Mohammed est numéro un depuis 2001. Le
Prophète qui repose en terre saoudienne se réjouirait-il que son
nom soit le plus porté, qu'il s'étale, colonne après colonne, dans
le registre de naissances de la capitale de l'Europe? Mohammed arrive
en tête, devant Adam, Rayan, Ayoub, Mehdi, Amine et Hamza.
Un modèle de dévotion, de vertu et de
sagesse. Puisse notre fils marcher sur Ses traces. Vu pieux, rude
réalité. Ce n'est pas si évident. Les enquêtes révèlent que
Mohammed est souvent un citoyen de seconde zone dans le pays qui a
accueilli ses parents comme travailleurs immigrés.
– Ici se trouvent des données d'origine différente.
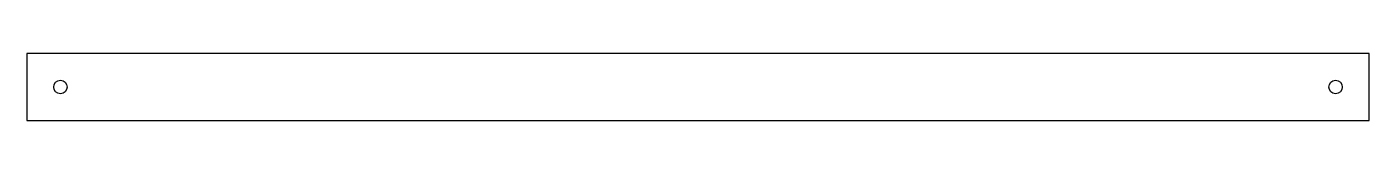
# Model space of a CAD drawing. Header units: millimetres. Extents: x -200 to 200, y -10 to 10.
import ezdxf

# ---------------------------------------------------------------- set-up
doc = ezdxf.new("R2010")
doc.units = ezdxf.units.MM
doc.layers.add('Sketch005', color=7, linetype='CONTINUOUS')

msp = doc.modelspace()

# ---------------------------------------------------------------- linework, layer by layer
at = {"layer": 'Sketch005'}
for p, q in [((-200, 10), (-200, -10)), ((200, 10), (-200, 10)), ((200, -10), (200, 10)), ((-200, -10), (200, -10))]:
    msp.add_line(p, q, dxfattribs=at)
for centre in [(-190, 0), (190, 0)]:
    msp.add_circle(centre, 2, dxfattribs=at)

doc.saveas('drawing.dxf')
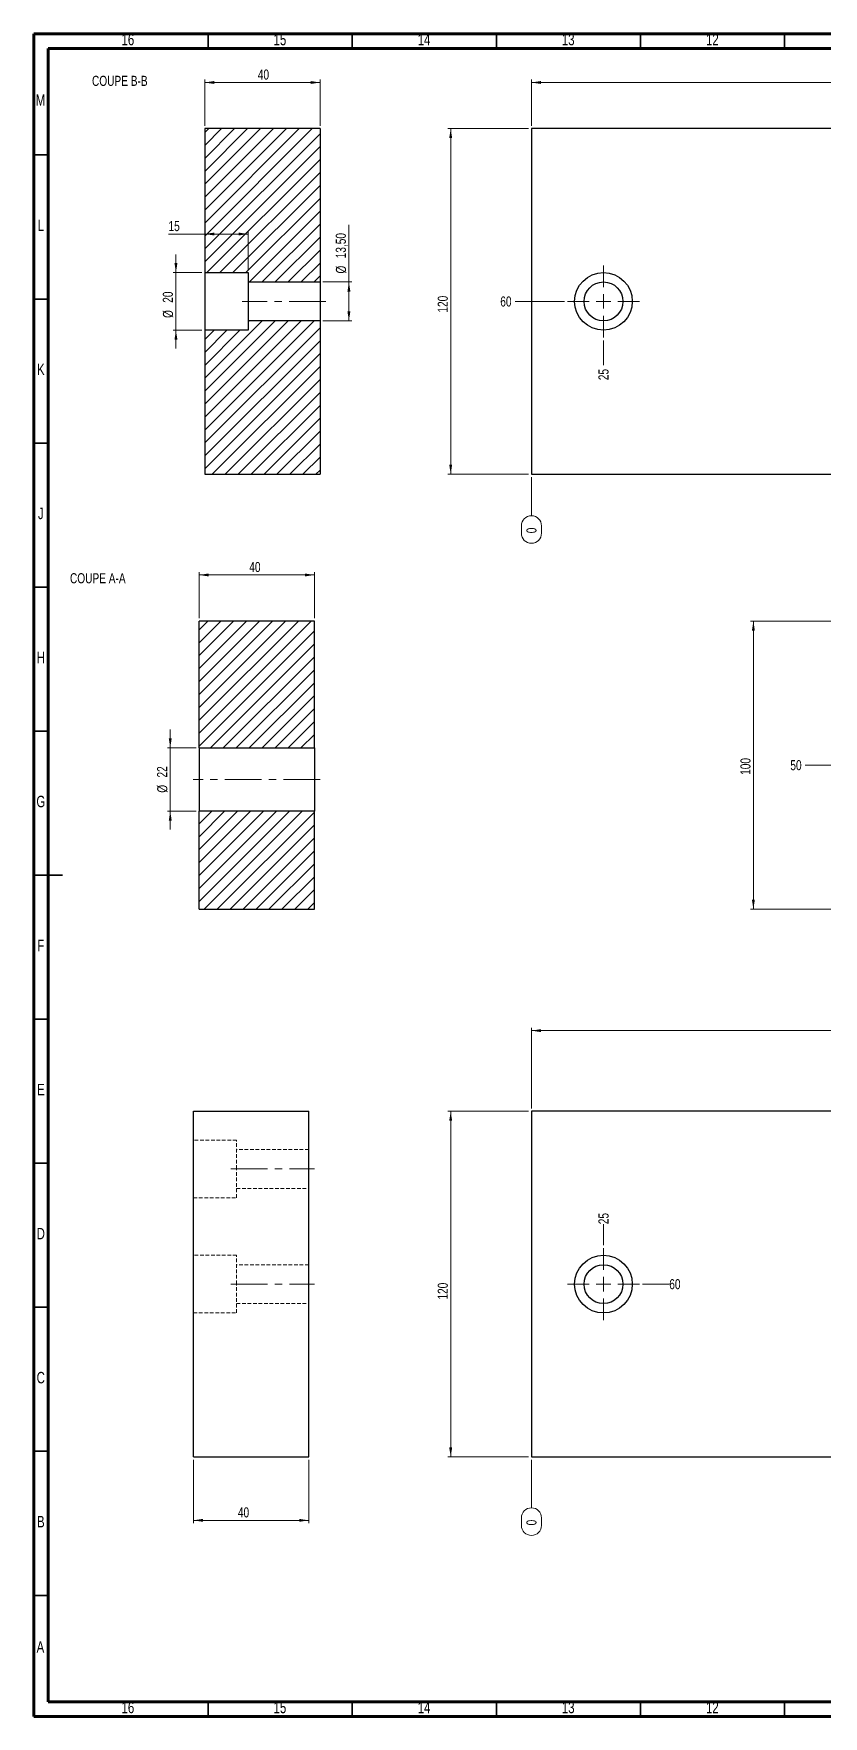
# Model space of a CAD drawing. Header units: millimetres. Extents: x 15 to 836, y 5 to 589.
# Drawn here: x 15 to 289, y 5 to 589 of the extents above; entities that cross this region are included whole.
import ezdxf

# ---------------------------------------------------------------- set-up
doc = ezdxf.new("R2010")
doc.units = ezdxf.units.MM
doc.linetypes.add('CENTERX2', pattern=[20.32, 12.7, -2.54, 2.54, -2.54])
doc.linetypes.add('HIDDEN', pattern=[1.905, 1.27, -0.635])
doc.styles.add('SLDTEXTSTYLE0', font='TXT', dxfattribs={"width": 0.75})
doc.dimstyles.new('SLDDIMSTYLE0', dxfattribs={"dimtxt": 3.5, "dimasz": 3.302, "dimexe": 0, "dimexo": 0.0625, "dimgap": 0.875, "dimtad": 0, "dimtih": 1, "dimtoh": 1, "dimdec": 0, "dimrnd": 1e-09, "dimdsep": 46, "dimtxsty": 'SLDTEXTSTYLE0', "dimblk1": 'NONE', "dimblk2": 'NONE', "dimsah": 1, "dimcen": 0.09, "dimadec": 0, "dimazin": 2, "dimtfac": 1, "dimtdec": 0, "dimtofl": 0, "dimtmove": 0, "dimatfit": 3, "dimldrblk": 'NONE', "dimfxl": 1, "dimfrac": 2, "dimtolj": 1, "dimtzin": 12, "dimarcsym": 0})
doc.dimstyles.new('SLDDIMSTYLE1', dxfattribs={"dimtxt": 3.5, "dimasz": 3.302, "dimexe": 0, "dimexo": 0.0625, "dimgap": 0.875, "dimtad": 0, "dimtih": 1, "dimtoh": 1, "dimrnd": 1e-09, "dimzin": 12, "dimdsep": 46, "dimtxsty": 'SLDTEXTSTYLE0', "dimblk1": 'NONE', "dimblk2": 'NONE', "dimsah": 1, "dimcen": 0.09, "dimadec": 0, "dimazin": 3, "dimtfac": 1, "dimtofl": 0, "dimtmove": 0, "dimatfit": 3, "dimldrblk": 'NONE', "dimfxl": 1, "dimfrac": 2, "dimtolj": 1, "dimtzin": 12, "dimarcsym": 0})
doc.dimstyles.new('SLDDIMSTYLE2', dxfattribs={"dimtxt": 3.5, "dimasz": 3.302, "dimexe": 0, "dimexo": 0.0625, "dimgap": 0.875, "dimtad": 1, "dimrnd": 1e-09, "dimzin": 12, "dimdsep": 46, "dimtxsty": 'SLDTEXTSTYLE0', "dimsah": 1, "dimcen": 0.09, "dimadec": 0, "dimazin": 3, "dimtfac": 1, "dimtofl": 0, "dimtmove": 0, "dimatfit": 3, "dimfxl": 1, "dimfrac": 2, "dimtolj": 1, "dimtzin": 12, "dimarcsym": 0})
doc.dimstyles.new('SLDDIMSTYLE3', dxfattribs={"dimtxt": 3.5, "dimasz": 3.302, "dimexe": 0, "dimexo": 0.0625, "dimgap": 0.875, "dimtad": 1, "dimrnd": 1e-09, "dimzin": 12, "dimdsep": 46, "dimtxsty": 'SLDTEXTSTYLE0', "dimsah": 1, "dimcen": 0.09, "dimadec": 0, "dimazin": 3, "dimtfac": 1, "dimtmove": 0, "dimatfit": 0, "dimfxl": 1, "dimfrac": 2, "dimtolj": 1, "dimtzin": 12, "dimarcsym": 0})

# ---------------------------------------------------------------- blocks, each defined once
blk = doc.blocks.new('_D')
at = {"color": 7, "linetype": 'Continuous', "lineweight": 18}
for p, q in [((187.66, 94.04), (187.66, 77.37)), ((184.17, 71.29), (184.17, 73.88)), ((191.15, 73.88), (191.15, 71.29))]:
    blk.add_line(p, q, dxfattribs=at)
for centre, start, end in [((187.66, 73.88), 0, 180), ((187.66, 71.29), 180, 0)]:
    blk.add_arc(centre, 3.49, start, end, dxfattribs=at)
at = {"color": 7, "linetype": 'Continuous', "lineweight": 18, "insert": (185.92, 71.29), "char_height": 3.5, "attachment_point": 1, "rotation": 90, "style": 'SLDTEXTSTYLE0'}
blk.add_mtext('0', dxfattribs=at)
blk = doc.blocks.new('_None')
blk = doc.blocks.new('_D_1')
at = {"color": 7, "linetype": 'Continuous', "lineweight": 18}
blk.add_line((212.66, 168.54), (212.66, 175.83), dxfattribs=at)
at = {"color": 7, "linetype": 'Continuous', "lineweight": 18, "insert": (210.92, 175.83), "char_height": 3.5, "attachment_point": 1, "rotation": 90, "style": 'SLDTEXTSTYLE0'}
blk.add_mtext('25', dxfattribs=at)
blk = doc.blocks.new('_D_2')
at = {"color": 7, "linetype": 'Continuous', "lineweight": 18}
blk.add_line((337.66, 208.54), (337.66, 225.04), dxfattribs=at)
at = {"color": 7, "linetype": 'Continuous', "lineweight": 18, "insert": (335.92, 225.04), "char_height": 3.5, "attachment_point": 1, "rotation": 90, "style": 'SLDTEXTSTYLE0'}
blk.add_mtext('150', dxfattribs=at)
blk = doc.blocks.new('_D_3')
at = {"color": 7, "linetype": 'Continuous', "lineweight": 18}
blk.add_line((467.66, 168.54), (467.66, 175.83), dxfattribs=at)
at = {"color": 7, "linetype": 'Continuous', "lineweight": 18, "insert": (465.92, 175.83), "char_height": 3.5, "attachment_point": 1, "rotation": 90, "style": 'SLDTEXTSTYLE0'}
blk.add_mtext('280', dxfattribs=at)
blk = doc.blocks.new('_D_4')
at = {"color": 7, "linetype": 'Continuous', "lineweight": 18}
blk.add_line((597.66, 208.54), (597.66, 225.04), dxfattribs=at)
at = {"color": 7, "linetype": 'Continuous', "lineweight": 18, "insert": (595.92, 225.04), "char_height": 3.5, "attachment_point": 1, "rotation": 90, "style": 'SLDTEXTSTYLE0'}
blk.add_mtext('410', dxfattribs=at)
blk = doc.blocks.new('_D_5')
at = {"color": 7, "linetype": 'Continuous', "lineweight": 18}
blk.add_line((722.66, 168.54), (722.66, 175.83), dxfattribs=at)
at = {"color": 7, "linetype": 'Continuous', "lineweight": 18, "insert": (720.92, 175.83), "char_height": 3.5, "attachment_point": 1, "rotation": 90, "style": 'SLDTEXTSTYLE0'}
blk.add_mtext('535', dxfattribs=at)
blk = doc.blocks.new('_D_6')
at = {"color": 7, "linetype": 'Continuous', "lineweight": 18}
blk.add_line((747.66, 216.04), (747.66, 255.04), dxfattribs=at)
at = {"color": 7, "linetype": 'Continuous', "lineweight": 18, "insert": (745.92, 255.04), "char_height": 3.5, "attachment_point": 1, "rotation": 90, "style": 'SLDTEXTSTYLE0'}
blk.add_mtext('560', dxfattribs=at)
blk = doc.blocks.new('_D_8')
at = {"color": 7, "linetype": 'Continuous', "lineweight": 18}
blk.add_line((226.16, 155.04), (235.48, 155.04), dxfattribs=at)
at = {"color": 7, "linetype": 'Continuous', "lineweight": 18, "insert": (235.48, 156.77), "char_height": 3.5, "attachment_point": 1, "style": 'SLDTEXTSTYLE0'}
blk.add_mtext('60', dxfattribs=at)
blk = doc.blocks.new('_D_14')
at = {"color": 7, "linetype": 'Continuous', "lineweight": 18}
for p, q in [((186.66, 215.04), (158.66, 215.04)), ((159.66, 215.04), (159.66, 95.04)), ((186.66, 95.04), (158.66, 95.04))]:
    blk.add_line(p, q, dxfattribs=at)
for points in [[(159.66, 215.04), (159.15, 211.73), (160.16, 211.73)], [(159.66, 95.04), (160.16, 98.34), (159.15, 98.34)]]:
    blk.add_solid(points, dxfattribs=at)
at = {"color": 7, "linetype": 'Continuous', "lineweight": 18, "insert": (155.15, 149.67), "char_height": 3.5, "attachment_point": 1, "rotation": 90, "style": 'SLDTEXTSTYLE0'}
blk.add_mtext('120', dxfattribs=at)
blk = doc.blocks.new('_D_15')
at = {"color": 7, "linetype": 'Continuous', "lineweight": 18}
for p, q in [((187.66, 216.04), (187.66, 244.04)), ((747.66, 243.04), (187.66, 243.04)), ((747.66, 216.04), (747.66, 244.04))]:
    blk.add_line(p, q, dxfattribs=at)
for points in [[(187.66, 243.04), (190.96, 242.53), (190.96, 243.54)], [(747.66, 243.04), (744.35, 243.54), (744.35, 242.53)]]:
    blk.add_solid(points, dxfattribs=at)
at = {"color": 7, "linetype": 'Continuous', "lineweight": 18, "insert": (454.39, 247.55), "char_height": 3.5, "attachment_point": 1, "style": 'SLDTEXTSTYLE0'}
blk.add_mtext('560', dxfattribs=at)
blk = doc.blocks.new('SW_CENTERMARKSYMBOL_4')
at = {"color": 0, "linetype": 'Continuous', "lineweight": 0}
for p, q in [((0, 5), (0, 12.5)), ((-5, 0), (-12.5, 0)), ((0, 0), (-2.5, 0)), ((0, 0), (0, 2.5)), ((0, 0), (0, -2.5)), ((0, 0), (2.5, 0)), ((5, 0), (12.5, 0)), ((0, -5), (0, -12.5))]:
    blk.add_line(p, q, dxfattribs=at)
blk = doc.blocks.new('_D_19')
at = {"color": 7, "linetype": 'Continuous', "lineweight": 18}
blk.add_line((199.16, 496.16), (182.03, 496.16), dxfattribs=at)
at = {"color": 7, "linetype": 'Continuous', "lineweight": 18, "insert": (176.86, 497.9), "char_height": 3.5, "attachment_point": 1, "style": 'SLDTEXTSTYLE0'}
blk.add_mtext('60', dxfattribs=at)
blk = doc.blocks.new('_D_23')
at = {"color": 7, "linetype": 'Continuous', "lineweight": 18}
for p, q in [((187.66, 435.16), (187.66, 421.76)), ((184.17, 415.69), (184.17, 418.27)), ((191.15, 418.27), (191.15, 415.69))]:
    blk.add_line(p, q, dxfattribs=at)
for centre, start, end in [((187.66, 418.27), 0, 180), ((187.66, 415.69), 180, 0)]:
    blk.add_arc(centre, 3.49, start, end, dxfattribs=at)
at = {"color": 7, "linetype": 'Continuous', "lineweight": 18, "insert": (185.92, 415.69), "char_height": 3.5, "attachment_point": 1, "rotation": 90, "style": 'SLDTEXTSTYLE0'}
blk.add_mtext('0', dxfattribs=at)
blk = doc.blocks.new('_D_24')
at = {"color": 7, "linetype": 'Continuous', "lineweight": 18}
blk.add_line((212.66, 482.66), (212.66, 474), dxfattribs=at)
at = {"color": 7, "linetype": 'Continuous', "lineweight": 18, "insert": (210.92, 468.82), "char_height": 3.5, "attachment_point": 1, "rotation": 90, "style": 'SLDTEXTSTYLE0'}
blk.add_mtext('25', dxfattribs=at)
blk = doc.blocks.new('_D_25')
at = {"color": 7, "linetype": 'Continuous', "lineweight": 18}
blk.add_line((337.66, 442.66), (337.66, 431.05), dxfattribs=at)
at = {"color": 7, "linetype": 'Continuous', "lineweight": 18, "insert": (335.92, 423.29), "char_height": 3.5, "attachment_point": 1, "rotation": 90, "style": 'SLDTEXTSTYLE0'}
blk.add_mtext('150', dxfattribs=at)
blk = doc.blocks.new('_D_26')
at = {"color": 7, "linetype": 'Continuous', "lineweight": 18}
blk.add_line((467.66, 482.66), (467.66, 474), dxfattribs=at)
at = {"color": 7, "linetype": 'Continuous', "lineweight": 18, "insert": (465.92, 466.24), "char_height": 3.5, "attachment_point": 1, "rotation": 90, "style": 'SLDTEXTSTYLE0'}
blk.add_mtext('280', dxfattribs=at)
blk = doc.blocks.new('_D_27')
at = {"color": 7, "linetype": 'Continuous', "lineweight": 18}
blk.add_line((597.66, 442.66), (597.66, 431.05), dxfattribs=at)
at = {"color": 7, "linetype": 'Continuous', "lineweight": 18, "insert": (595.92, 423.29), "char_height": 3.5, "attachment_point": 1, "rotation": 90, "style": 'SLDTEXTSTYLE0'}
blk.add_mtext('410', dxfattribs=at)
blk = doc.blocks.new('_D_28')
at = {"color": 7, "linetype": 'Continuous', "lineweight": 18}
blk.add_line((722.66, 482.66), (722.66, 474), dxfattribs=at)
at = {"color": 7, "linetype": 'Continuous', "lineweight": 18, "insert": (720.92, 466.24), "char_height": 3.5, "attachment_point": 1, "rotation": 90, "style": 'SLDTEXTSTYLE0'}
blk.add_mtext('535', dxfattribs=at)
blk = doc.blocks.new('_D_29')
at = {"color": 7, "linetype": 'Continuous', "lineweight": 18}
blk.add_line((747.66, 435.16), (747.66, 421.76), dxfattribs=at)
at = {"color": 7, "linetype": 'Continuous', "lineweight": 18, "insert": (745.92, 414), "char_height": 3.5, "attachment_point": 1, "rotation": 90, "style": 'SLDTEXTSTYLE0'}
blk.add_mtext('560', dxfattribs=at)
blk = doc.blocks.new('_D_30')
at = {"color": 7, "linetype": 'Continuous', "lineweight": 18}
for p, q in [((186.66, 556.16), (158.66, 556.16)), ((159.66, 556.16), (159.66, 436.16)), ((186.66, 436.16), (158.66, 436.16))]:
    blk.add_line(p, q, dxfattribs=at)
for points in [[(159.66, 556.16), (159.15, 552.86), (160.16, 552.86)], [(159.66, 436.16), (160.16, 439.47), (159.15, 439.47)]]:
    blk.add_solid(points, dxfattribs=at)
at = {"color": 7, "linetype": 'Continuous', "lineweight": 18, "insert": (155.15, 492.28), "char_height": 3.5, "attachment_point": 1, "rotation": 90, "style": 'SLDTEXTSTYLE0'}
blk.add_mtext('120', dxfattribs=at)
blk = doc.blocks.new('_D_31')
at = {"color": 7, "linetype": 'Continuous', "lineweight": 18}
for p, q in [((187.66, 557.16), (187.66, 573.16)), ((747.66, 557.16), (747.66, 573.16)), ((747.66, 572.16), (187.66, 572.16))]:
    blk.add_line(p, q, dxfattribs=at)
for points in [[(187.66, 572.16), (190.96, 571.66), (190.96, 572.67)], [(747.66, 572.16), (744.35, 572.67), (744.35, 571.66)]]:
    blk.add_solid(points, dxfattribs=at)
at = {"color": 7, "linetype": 'Continuous', "lineweight": 18, "insert": (454.83, 576.67), "char_height": 3.5, "attachment_point": 1, "style": 'SLDTEXTSTYLE0'}
blk.add_mtext('560', dxfattribs=at)
blk = doc.blocks.new('SW_CENTERMARKSYMBOL_9')
at = {"color": 0, "linetype": 'Continuous', "lineweight": 0}
for p, q in [((0, 5), (0, 12.5)), ((-5, 0), (-12.5, 0)), ((0, 0), (-2.5, 0)), ((0, 0), (0, 2.5)), ((0, 0), (0, -2.5)), ((0, 0), (2.5, 0)), ((5, 0), (12.5, 0)), ((0, -5), (0, -12.5))]:
    blk.add_line(p, q, dxfattribs=at)
blk = doc.blocks.new('_D_34')
at = {"color": 7, "linetype": 'Continuous', "lineweight": 18}
blk.add_line((309.16, 335.21), (282.66, 335.21), dxfattribs=at)
at = {"color": 7, "linetype": 'Continuous', "lineweight": 18, "insert": (277.48, 336.94), "char_height": 3.5, "attachment_point": 1, "style": 'SLDTEXTSTYLE0'}
blk.add_mtext('50', dxfattribs=at)
blk = doc.blocks.new('_D_44')
at = {"color": 7, "linetype": 'Continuous', "lineweight": 18}
for p, q in [((291.66, 385.21), (263.66, 385.21)), ((264.66, 385.21), (264.66, 285.21)), ((291.66, 285.21), (263.66, 285.21))]:
    blk.add_line(p, q, dxfattribs=at)
for points in [[(264.66, 385.21), (264.15, 381.91), (265.16, 381.91)], [(264.66, 285.21), (265.16, 288.51), (264.15, 288.51)]]:
    blk.add_solid(points, dxfattribs=at)
at = {"color": 7, "linetype": 'Continuous', "lineweight": 18, "insert": (260.15, 331.82), "char_height": 3.5, "attachment_point": 1, "rotation": 90, "style": 'SLDTEXTSTYLE0'}
blk.add_mtext('100', dxfattribs=at)
blk = doc.blocks.new('_D_46')
at = {"color": 7, "linetype": 'Continuous', "lineweight": 18}
for p, q in [((72.38, 386.21), (72.38, 402.21)), ((112.38, 401.21), (72.38, 401.21)), ((112.38, 386.21), (112.38, 402.21))]:
    blk.add_line(p, q, dxfattribs=at)
for points in [[(72.38, 401.21), (75.68, 400.7), (75.68, 401.72)], [(112.38, 401.21), (109.07, 401.72), (109.07, 400.7)]]:
    blk.add_solid(points, dxfattribs=at)
at = {"color": 7, "linetype": 'Continuous', "lineweight": 18, "insert": (89.79, 405.72), "char_height": 3.5, "attachment_point": 1, "style": 'SLDTEXTSTYLE0'}
blk.add_mtext('40', dxfattribs=at)
blk = doc.blocks.new('_D_47')
at = {"color": 7, "linetype": 'Continuous', "lineweight": 18}
for p, q in [((62.38, 341.21), (62.38, 347.56)), ((71.38, 341.21), (61.38, 341.21)), ((62.38, 341.21), (62.38, 319.21)), ((71.38, 319.21), (61.38, 319.21)), ((62.38, 319.21), (62.38, 312.86))]:
    blk.add_line(p, q, dxfattribs=at)
for points in [[(62.38, 341.21), (62.88, 344.51), (61.87, 344.51)], [(62.38, 319.21), (61.87, 315.91), (62.88, 315.91)]]:
    blk.add_solid(points, dxfattribs=at)
at = {"color": 7, "linetype": 'Continuous', "lineweight": 18, "char_height": 3.5, "attachment_point": 1, "rotation": 90, "style": 'SLDTEXTSTYLE0'}
for s, insert in [('22', (57.81, 330.9)), ('%%c', (57.86, 325.62))]:
    blk.add_mtext(s, dxfattribs=dict(at, insert=insert))
blk = doc.blocks.new('_D_48')
at = {"color": 7, "linetype": 'Continuous', "lineweight": 18}
for p, q in [((74.35, 557.16), (74.35, 573.16)), ((114.35, 557.16), (114.35, 573.16)), ((114.35, 572.16), (74.35, 572.16))]:
    blk.add_line(p, q, dxfattribs=at)
for points in [[(74.35, 572.16), (77.65, 571.66), (77.65, 572.67)], [(114.35, 572.16), (111.05, 572.67), (111.05, 571.66)]]:
    blk.add_solid(points, dxfattribs=at)
at = {"color": 7, "linetype": 'Continuous', "lineweight": 18, "insert": (92.75, 576.67), "char_height": 3.5, "attachment_point": 1, "style": 'SLDTEXTSTYLE0'}
blk.add_mtext('40', dxfattribs=at)
blk = doc.blocks.new('_D_49')
at = {"color": 7, "linetype": 'Continuous', "lineweight": 18}
for p, q in [((64.35, 506.16), (64.35, 512.51)), ((73.35, 506.16), (63.35, 506.16)), ((64.35, 506.16), (64.35, 486.16)), ((73.35, 486.16), (63.35, 486.16)), ((64.35, 486.16), (64.35, 479.81))]:
    blk.add_line(p, q, dxfattribs=at)
for points in [[(64.35, 506.16), (64.86, 509.47), (63.84, 509.47)], [(64.35, 486.16), (63.84, 482.86), (64.86, 482.86)]]:
    blk.add_solid(points, dxfattribs=at)
at = {"color": 7, "linetype": 'Continuous', "lineweight": 18, "char_height": 3.5, "attachment_point": 1, "rotation": 90, "style": 'SLDTEXTSTYLE0'}
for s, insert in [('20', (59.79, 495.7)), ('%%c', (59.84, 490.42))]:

Est-ce de sa faute? C'est son père qui
est venu ici, quoique à moitié seulement. Dans sa tête, l'homme
n'a pas oublié son village. Il a endossé une double identité: pour
ceux qui étaient restés au pays, celle d'un héros lointain et
prospère, et pour sa progéniture et son épouse, qu'il a
contraintes au voyage, celle d'un être habité par la nostalgie,
parfois en décalage. Le père était mal armé pour faire face aux
nouveaux temps et aux nouvelles murs. Il n'avait pas non plus
beaucoup à donner aux autres. À l'exception du gîte et du couvert,
on n'a jamais attendu cela de sa part.
Mohammed est donc venu au monde plus nu
que les autres, déraciné, sans autre promesse de grandeur qu'un nom
qui sonne un peu bizarrement. "En deuxième année primaire, un
cinquième des allochtones accusent un retard linguistique qu'ils ne
parviennent en général plus à rattraper", révèle une étude
universitaire. Mohammed paie les pots cassés. Il est rapidement
orienté vers l'enseignement technique et professionnel, même si ses
compétences cognitives le prédestinent à devenir ophtalmologue, et
non plombier.
"Les élèves allochtones ont
tendance à se renfermer sur leur groupe ethnoreligieux, lit-on,
alors qu'une étude révèle que s'ils fuient le repli identitaire,
ils multiplient par deux leurs chances de réussite à l'école et
dans la vie."
Mais comment s'y prendre? Mohammed,
l'ombre du Prophète, est un jeune garçon sans patrie, un citoyen
plus souvent conspué qu'enlacé. Comment avez-vous dit que vous
appeliez ? Le propriétaire de l'appartement a l'air moins
bienveillant quand il a un Mernissi au lieu d'un Mertens au bout du
fil. Mohammed a passé sa jeunesse à Molenbeek, l'homme a fait
l'amalgame avec le Maroc et a d'emblée entrevu les problèmes, le
jacassement des hordes familiales, les moutons égorgés sur les
balcons étroits, les envolées vocales d'Oum Kalsoum à des heures
indues. Désolé, cet appartement au deuxième étage n'est plus à
louer. Le bail vient d'être signé avec un locataire.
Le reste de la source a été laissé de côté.